→ RECORDS TO USE
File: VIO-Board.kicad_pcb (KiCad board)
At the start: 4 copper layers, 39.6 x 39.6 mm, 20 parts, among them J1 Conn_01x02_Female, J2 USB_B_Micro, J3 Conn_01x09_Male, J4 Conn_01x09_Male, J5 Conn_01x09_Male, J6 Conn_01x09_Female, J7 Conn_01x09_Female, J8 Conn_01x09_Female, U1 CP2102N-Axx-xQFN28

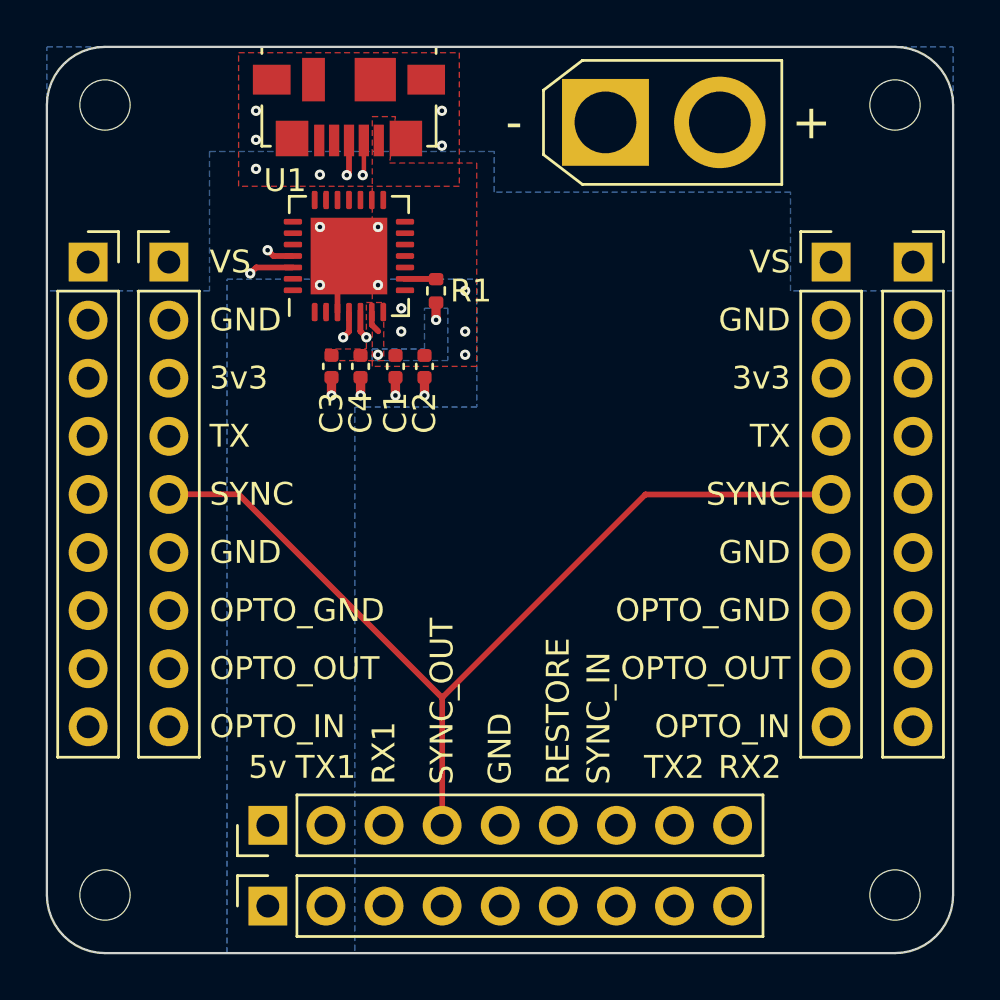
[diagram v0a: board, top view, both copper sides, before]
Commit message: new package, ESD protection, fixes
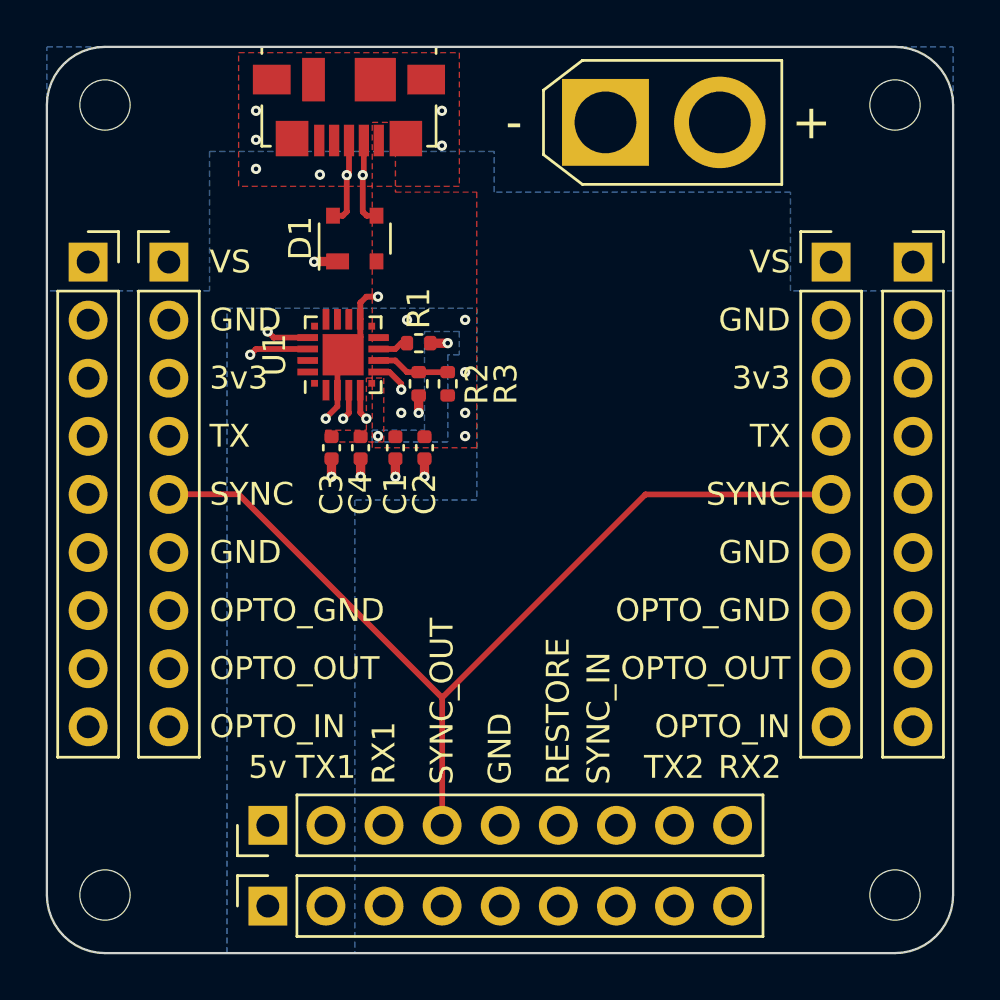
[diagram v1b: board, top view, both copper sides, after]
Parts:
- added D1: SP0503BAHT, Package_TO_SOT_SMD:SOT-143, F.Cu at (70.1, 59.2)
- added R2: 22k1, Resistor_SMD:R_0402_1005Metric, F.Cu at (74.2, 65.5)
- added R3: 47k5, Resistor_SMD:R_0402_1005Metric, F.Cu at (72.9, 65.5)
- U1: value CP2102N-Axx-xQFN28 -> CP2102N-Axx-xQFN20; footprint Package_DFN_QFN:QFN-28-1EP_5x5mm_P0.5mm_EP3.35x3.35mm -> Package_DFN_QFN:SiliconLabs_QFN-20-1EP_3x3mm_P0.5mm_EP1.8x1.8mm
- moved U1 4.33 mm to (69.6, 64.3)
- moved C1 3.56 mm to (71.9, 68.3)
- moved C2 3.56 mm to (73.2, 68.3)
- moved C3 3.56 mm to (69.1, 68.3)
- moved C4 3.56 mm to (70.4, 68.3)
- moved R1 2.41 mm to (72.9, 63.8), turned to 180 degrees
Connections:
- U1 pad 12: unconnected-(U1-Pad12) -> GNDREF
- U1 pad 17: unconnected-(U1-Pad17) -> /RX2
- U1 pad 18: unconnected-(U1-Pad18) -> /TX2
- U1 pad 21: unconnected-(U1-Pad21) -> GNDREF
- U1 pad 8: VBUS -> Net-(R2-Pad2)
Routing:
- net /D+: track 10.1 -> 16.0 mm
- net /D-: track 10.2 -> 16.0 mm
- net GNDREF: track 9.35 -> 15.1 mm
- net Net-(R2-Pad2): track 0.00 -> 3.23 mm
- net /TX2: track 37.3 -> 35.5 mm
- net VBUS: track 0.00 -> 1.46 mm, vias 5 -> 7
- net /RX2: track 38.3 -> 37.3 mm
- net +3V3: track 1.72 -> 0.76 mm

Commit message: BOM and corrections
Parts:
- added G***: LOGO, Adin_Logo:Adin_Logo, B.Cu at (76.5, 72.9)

→ AIM OF THE TASK
Write the entries out again exactly as they appear, with the pictures omitted.

→ REPLY TO THE TASK
File: VIO-Board.kicad_pcb (KiCad board)
At the start: 4 copper layers, 39.6 x 39.6 mm, 20 parts, among them J1 Conn_01x02_Female, J2 USB_B_Micro, J3 Conn_01x09_Male, J4 Conn_01x09_Male, J5 Conn_01x09_Male, J6 Conn_01x09_Female, J7 Conn_01x09_Female, J8 Conn_01x09_Female, U1 CP2102N-Axx-xQFN28

[diagram v0a: board, top view, both copper sides, before]
Commit message: new package, ESD protection, fixes
[diagram v1b: board, top view, both copper sides, after]
Parts:
- added D1: SP0503BAHT, Package_TO_SOT_SMD:SOT-143, F.Cu at (70.1, 59.2)
- added R2: 22k1, Resistor_SMD:R_0402_1005Metric, F.Cu at (74.2, 65.5)
- added R3: 47k5, Resistor_SMD:R_0402_1005Metric, F.Cu at (72.9, 65.5)
- U1: value CP2102N-Axx-xQFN28 -> CP2102N-Axx-xQFN20; footprint Package_DFN_QFN:QFN-28-1EP_5x5mm_P0.5mm_EP3.35x3.35mm -> Package_DFN_QFN:SiliconLabs_QFN-20-1EP_3x3mm_P0.5mm_EP1.8x1.8mm
- moved U1 4.33 mm to (69.6, 64.3)
- moved C1 3.56 mm to (71.9, 68.3)
- moved C2 3.56 mm to (73.2, 68.3)
- moved C3 3.56 mm to (69.1, 68.3)
- moved C4 3.56 mm to (70.4, 68.3)
- moved R1 2.41 mm to (72.9, 63.8), turned to 180 degrees
Connections:
- U1 pad 12: unconnected-(U1-Pad12) -> GNDREF
- U1 pad 17: unconnected-(U1-Pad17) -> /RX2
- U1 pad 18: unconnected-(U1-Pad18) -> /TX2
- U1 pad 21: unconnected-(U1-Pad21) -> GNDREF
- U1 pad 8: VBUS -> Net-(R2-Pad2)
Routing:
- net /D+: track 10.1 -> 16.0 mm
- net /D-: track 10.2 -> 16.0 mm
- net GNDREF: track 9.35 -> 15.1 mm
- net Net-(R2-Pad2): track 0.00 -> 3.23 mm
- net /TX2: track 37.3 -> 35.5 mm
- net VBUS: track 0.00 -> 1.46 mm, vias 5 -> 7
- net /RX2: track 38.3 -> 37.3 mm
- net +3V3: track 1.72 -> 0.76 mm

Commit message: BOM and corrections
Parts:
- added G***: LOGO, Adin_Logo:Adin_Logo, B.Cu at (76.5, 72.9)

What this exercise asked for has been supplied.